A ceramic printed circuit board is a type of PCB made of a ceramic material base or substrate, usually an inorganic dielectric, instead of the traditional fiberglass or epoxy resin base. It is an electronic circuit board made of a thin insulating layer of ceramic material with a metal component.

Basic Components of Ceramic PCBs

First is the highly integrated circuit board, which has become a trend that we cannot avoid with the advancement of electronic technology. Modern technology and electronics have hundreds or thousands, even millions, of transistors and resistors coupled in a complex assembly built on a small silicon chip or integrated circuit, widely known as IC.

These integrated circuits need a base where tiny electronic materials and connections are built, usually known as a substrate. It also needs a structure that isolates the circuit from its external surroundings and turns it into just one compact and solid unit, known as the package.

Substrates and packages are required for the integrated circuits to maintain their reliability. ICs need insulating materials, and these two serve that purpose. These packages will then be mounted on a printed circuit board.

Ceramics are well known for their insulating properties. This advanced ceramic material’s protection property is a significant factor for it to be used as substrates and packages. This is what makes a ceramic printed circuit board or PCB stands out from the rest of its kind.

Due to its excellent heat conductivity and gas tightness performance, ceramic PCB has been widely used in power electronics, hybrid microelectronics, electronics packaging, and multi-chip modules. Its excellent conductivity is of utmost importance in applications such as power generation, where large currents must be passed through the material.

The aerospace and automotive industries, in particular, are best suited to employ these PCBs since they have high-power-density circuit designs used in harsh environments.

High temperature, high pressure, as well as corrosive or vibratory circuit conditions, are all suited for ceramic PCB substrate material. They are used in high-temperature applications where a regular PCB cannot be used as it would not be able to withstand high temperatures.

What are the Materials Used in a Ceramic PCB?

A variety of ceramic materials are used to make ceramic PCBs. When choosing ceramic materials, the two essential characteristics to pay attention to are the PCB thermal conductivity and coefficient of thermal expansion (CTE).

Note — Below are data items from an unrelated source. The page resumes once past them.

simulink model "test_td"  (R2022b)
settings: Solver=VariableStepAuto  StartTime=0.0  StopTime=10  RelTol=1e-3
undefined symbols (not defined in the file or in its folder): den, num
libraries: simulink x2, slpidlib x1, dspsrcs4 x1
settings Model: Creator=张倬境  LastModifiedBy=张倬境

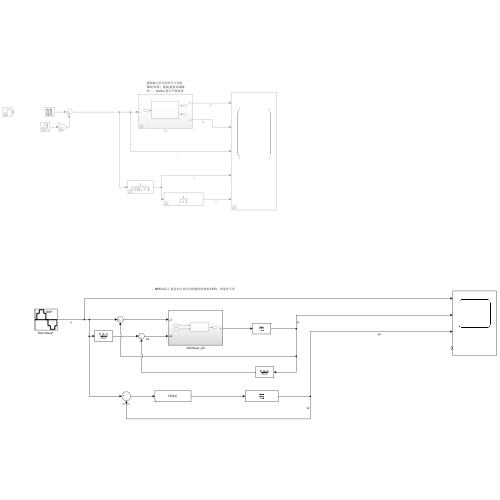
[thumbnail: Simulink's stored preview of the top-level diagram]
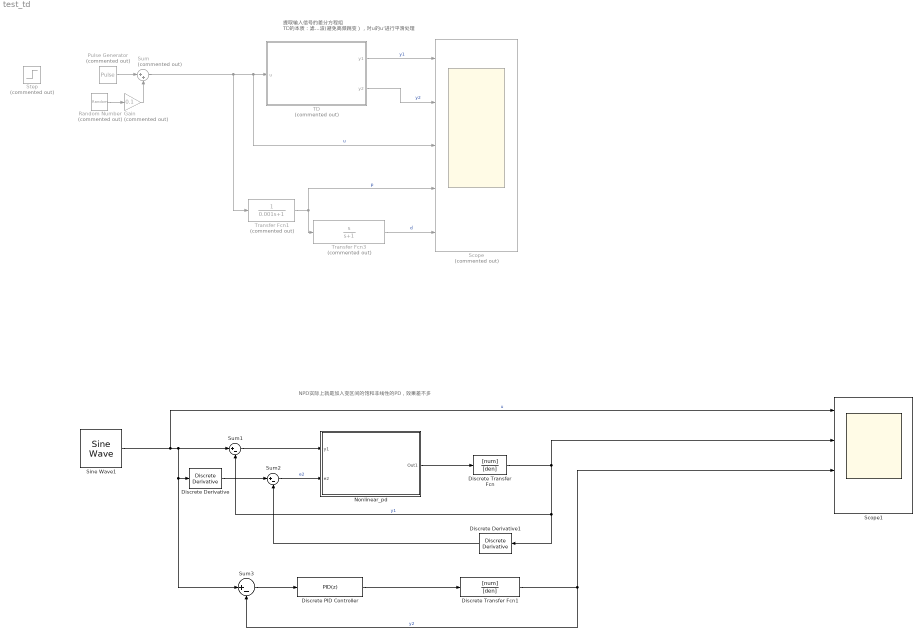
== system test_td ==
  note: NPD实际上就是加入变区间的饱和非线性的PD，效果差不多
  note: 提取输入信号的差分方程组
      | TD的本质：滤波(避免高频跳变），对u的u‘进行平滑处理
  Discrete Transfer Fcn : DiscreteTransferFcn  Numerator=[num]  Denominator=[den]
  Discrete Transfer Fcn1 : DiscreteTransferFcn  Numerator=[num]  Denominator=[den]
  Discrete Derivative : simulink/Discrete/Discrete Derivative  gainval=1.0  ICPrevScaledInput=0.0  OutMin=[]  OutMax=[]  OutDataType=fixdt(1, 16)  OutScaling=2^-10  DoSatur=off
  Discrete Derivative1 : simulink/Discrete/Discrete Derivative  gainval=1.0  ICPrevScaledInput=0.0  OutMin=[]  OutMax=[]  OutDataType=fixdt(1, 16)  OutScaling=2^-10  DoSatur=off
  Discrete PID Controller : slpidlib/PID Controller  Controller=PID  Form=Parallel  TimeDomain=Discrete-time  UseExternalTs=off  SampleTime=-1  IntegratorMethod=Forward Euler  FilterMethod=Forward Euler  ControllerParametersSource=internal  P=100  I=0  UseKiTs=off  D=0  N=10  UseFilter=off  TunerSelectOption=Frequency Response Based  InitialConditionSource=internal  InitialConditionForIntegrator=0  InitialConditionForFilter=0  DifferentiatorICPrevScaledInput=0  ExternalReset=none  TrackingMode=off  Kt=1  LimitOutput=off  SatLimitsSource=internal  UpperSaturationLimit=inf  LowerSaturationLimit=-inf  LinearizeAsGain=off  AntiWindupMode=none  Kb=1  LimitIntegrator=off  UpperIntegratorSaturationLimit=inf  LowerIntegratorSaturationLimit=-inf  POutMin=[]  POutMax=[]  IOutMin=[]  IOutMax=[]  DOutMin=[]  DOutMax=[]  NOutMin=[]  NOutMax=[]  SumOutMin=[]  SumOutMax=[]  SaturationOutMin=[]  SaturationOutMax=[]  PParamMin=[]  PParamMax=[]  IParamMin=[]  IParamMax=[]  DParamMin=[]  DParamMax=[]  NParamMin=[]  NParamMax=[]  KbParamMin=[]  KbParamMax=[]  KtParamMin=[]  KtParamMax=[]  KbOutMin=[]  KbOutMax=[]  KtOutMin=[]  KtOutMax=[]  IntegratorOutMin=[]  IntegratorOutMax=[]  FilterOutMin=[]  FilterOutMax=[]  SumI1OutMin=[]  SumI1OutMax=[]  SumI2OutMin=[]  SumI2OutMax=[]  SumI3OutMin=[]  SumI3OutMax=[]  SumI4OutMin=[]  SumI4OutMax=[]  SumDOutMin=[]  SumDOutMax=[]  DifferentiatorOutMin=[]  DifferentiatorOutMax=[]  FilterDiffOutCoefMin=[]  FilterDiffOutCoefMax=[]  ReciprocalOutMin=[]  ReciprocalOutMax=[]  SumDenOutMin=[]  SumDenOutMax=[]  SumNumOutMin=[]  SumNumOutMax=[]  DivideOutMin=[]  DivideOutMax=[]  UdiffTsProdOutMin=[]  UdiffTsProdOutMax=[]  NTsProdOutMin=[]  NTsProdOutMax=[]  UintegralTsProdOutMin=[]  UintegralTsProdOutMax=[]  UngainTsProdOutMin=[]  UngainTsProdOutMax=[]  ClampingZeroOutDataTypeStr=Inherit: Inherit via back propagation  ClampingZeroOutMin=[]  ClampingZeroOutMax=[]  FilterDenConstantOutDataTypeStr=Inherit: Inherit via back propagation  FilterDenConstantOutMin=[]  FilterDenConstantOutMax=[]  PCopyOutDataTypeStr=Inherit: Inherit via back propagation  PCopyOutMin=[]  PCopyOutMax=[]  NCopyOutDataTypeStr=Inherit: Inherit via back propagation  NCopyOutMin=[]  NCopyOutMax=[]  IntegratorContinuousStateAttributes=''  IntegratorStateMustResolveToSignalObject=off  IntegratorRTWStateStorageClass=Auto  FilterContinuousStateAttributes=''  FilterStateMustResolveToSignalObject=off  FilterRTWStateStorageClass=Auto  ParallelPVariant=InternalParameters  IdealPVariant=Disabled  IVariant=InternalParameters  DVariant=InternalParameters  IntegratorVariant=Discrete  SatVariant=Disabled  AWVariant=Passthrough  PCopyVariant=Disabled  TRVariant=Disabled  FdbkBlocksVariant=Forward  IdealPFdbkVariant=Disabled  SatFdbkVariant=Disabled  DerivativeFilterVariant=Differentiator  NVariant=Passthrough  NCopyVariant=Disabled_SignalSpec  FilterICVariant=InternalICsDifferentiator  IntegratorICVariant=InternalICs  ExternalResetVariant=Disabled  TRSumVariant=Passthrough  SumFdbkVariant=Disabled  SumVariant=Sum_PID  TsampFilterVariant=InternalTs  TsampNgainVariant=Passthrough  TsampIntegralVariant=Passthrough  ExternalSaturationOutDataTypeStr=Inherit: Same as second input
      settings: LibrarySourceBlock=simulink/Discrete/Discrete PID Controller
  Gain : Gain  Commented=on  Gain=0.1
  Nonlinear_pd : Subsystem
  Pulse Generator : DiscretePulseGenerator  Commented=on  PulseType=Time based  Period=4  PulseWidth=50
  Random Number : RandomNumber  Commented=on  Variance=0.01  SampleTime=0.1
  Scope : Scope  Commented=on  NumInputPorts=5
  Scope1 : Scope  NumInputPorts=4
  Sine Wave1 : dspsrcs4/Sine Wave  Amplitude=1  Frequency=1/4  Phase=0  SampleMode=Discrete  OutComplex=Real  CompMethod=Trigonometric fcn  TableSize=Speed  SampleTime=1/100  SamplesPerFrame=1  ResetState=Restart at time zero  OutputFrames=off  dataType=double  wordLen=16  udDataType=sfix(16)  fracBitsMode=Best precision  numFracBits=15  OutDataTypeStr=double  LastOutDataTypeStr=double
  Step : Step  Commented=on  SampleTime=0
  Sum : Sum  Commented=on  Inputs=|++
  Sum1 : Sum  Inputs=|+-
  Sum2 : Sum  Inputs=|+-
  Sum3 : Sum  Inputs=|+-
  TD : Subsystem  Commented=on
  Transfer Fcn1 : TransferFcn  Commented=on  Denominator=[0.001 1]
  Transfer Fcn3 : TransferFcn  Commented=on  Numerator=[1 0]  Denominator=[1 1]
  wires:
  Sum/1 -> Transfer Fcn1/1, Scope/3, TD/1(u)  "u"
  Random Number/1 -> Gain/1
  Gain/1 -> Sum/2
  TD/1(y1) -> Scope/1  "y1"
  Transfer Fcn1/1 -> Scope/4, Transfer Fcn3/1  "p"
  TD/2(y2) -> Scope/2  "y2"
  Transfer Fcn3/1 -> Scope/5  "d"
  Pulse Generator/1 -> Sum/1
  Sum1/1 -> Nonlinear_pd/1(y1)
  Sum2/1 -> Nonlinear_pd/2(e2)  "e2"
  Sine Wave1/1 -> Scope1/1, Sum3/1, Discrete Derivative/1, Sum1/1  "u"
  Nonlinear_pd/1(Out1) -> Discrete Transfer Fcn/1
  Discrete Transfer Fcn/1 -> Discrete Derivative1/1, Sum1/2, Scope1/2  "y1"
  Discrete Derivative1/1 -> Sum2/2
  Discrete Derivative/1 -> Sum2/1
  Sum3/1 -> Discrete PID Controller/1
  Discrete PID Controller/1 -> Discrete Transfer Fcn1/1
  Discrete Transfer Fcn1/1 -> Sum3/2, Scope1/3  "y2"

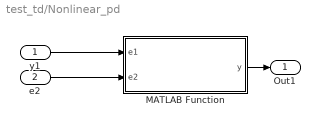
== system test_td/Nonlinear_pd ==
  y1 : Inport
  e2 : Inport  Port=2
  MATLAB Function : MATLAB Function  TreatAsAtomicUnit=on
  Out1 : Outport
  wires:
  y1/1 -> MATLAB Function/1(e1)
  MATLAB Function/1(y) -> Out1/1
  e2/1 -> MATLAB Function/2(e2)

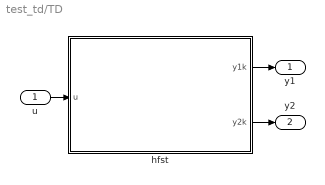
== system test_td/TD ==
  u : Inport
  hfst : MATLAB Function  TreatAsAtomicUnit=on  SystemSampleTime=0.01
  y1 : Outport
  y2 : Outport  Port=2
  wires:
  u/1 -> hfst/1(u)
  hfst/1(y1k) -> y1/1
  hfst/2(y2k) -> y2/1

== matlab function test_td/TD/hfst ==
  data: u input; y1k output; y2k output
function [y1k,y2k] = fcn(u)
persistent y1k_1 y2k_1
h=0.01;
delta=10;
if isempty(y1k_1)
    y1k_1=0;
end


if isempty(y2k_1)
    y2k_1=0;
end


y1k=y1k_1+h*y2k_1;


% hfst计算内容
d=delta*h;
d0=h*d;
y=y1k_1-u+h*y2k_1;
a0=sqrt(d*d+8*delta*abs(y));
a=0;
out1=0;
if abs(y)>d0
    a=y2k_1+(a0-d)/2*sign(y);
end


if abs(y)<=d0
    a=y2k_1+y/h;
end


if abs(a)>d
    out1=-delta*sign(a);
end


if abs(a)<=d
    out1=-delta*a/d;
end
out=out1;
% 更新变量
y2k=y2k_1+h*out;


y1k_1=y1k;
y2k_1=y2k;


end

== matlab function test_td/Nonlinear_pd/MATLAB Function ==
  data: e1 input; y output; e2 input
function y =nonlinear_pd(e1,e2)
alfa1=0.75;
alfa2=1.5;
delta=0.5;
beta1=100;
beta2=1;
fal1=1;
fal2=1;


if abs(e1)<=delta
    fal1=e1/(delta^(1-alfa1));
end


if abs(e1)>delta
    fal1=(abs(e1))^(alfa1)*sign(e1);
end


if abs(e2)<=delta
    fal2=e2/(delta^(1-alfa2));
end


if abs(e2)>delta
    fal2=(abs(e2))^(alfa2)*sign(e2);
end


y=beta1*fal1+beta2*fal2;
end

Alumina or Aluminum Oxide (Al₂O₃), Aluminum nitride (AlN), beryllia or beryllium oxide (BeO), silicon carbide (SiC), and boron nitride (BN) are a few examples of the substrate materials that fall under the category of ceramic materials used in ceramic PCBs. These ceramic materials have comparable physical and chemical characteristics. Three of the most widely used materials in ceramic PCBs are the following.

Aluminum Oxide (Al₂O₃)

Aluminum Oxide is an inorganic compound, also known as alumina. It is an advanced material made of aluminum and oxygen. It usually appears white in color but varies depending on purity. The color can be pink to almost brown. This compound has no smell and comes in a crystalline powder form but does not dissolve in water.

Of all the oxide ceramics, alpha-phase alumina is the stiffest and strongest. With higher than 95% alumina content, it is an exceptional electrical insulator and has a high electrical resistivity of approximately 1 × 1014 Ω·cm. The common purity ranges from 94% to 99%. The desired color, solidity, size, and shape should be easily achieved. It is considered beneficial for engineering production since the composition can be altered.

This industrial oxide ceramic has outstanding thermal and corrosion stability, great mechanical and dielectric strength, and even the capacity to create airtight seals. The common, 96% alumina has a thermal conductivity property value of 25.0 W/(m·K) and CTE of 4.5 to 10.9 x 10-6/K. No wonder it is very popular, with all these benefits aside from its affordability and cost-effective price.

It is the most commonly used substance in ceramics as it has many applications in electronics, including substrates and packages. When the application does not require the maximum level of thermal performance, this is the go-to material in use. It is one of the most researched and thoroughly characterized advanced ceramic materials now available.

Aluminum Nitride (AIN)

Aluminum nitride (AIN) is a non-oxide, semiconductor technical grade ceramic material. The structure of this compound is a hexagonal crystal, and the color is blue-white in its pure form. The aluminum nitride, a synthetic ceramic compound, is commonly white or gray in color and may also sometimes appear as a pale yellow.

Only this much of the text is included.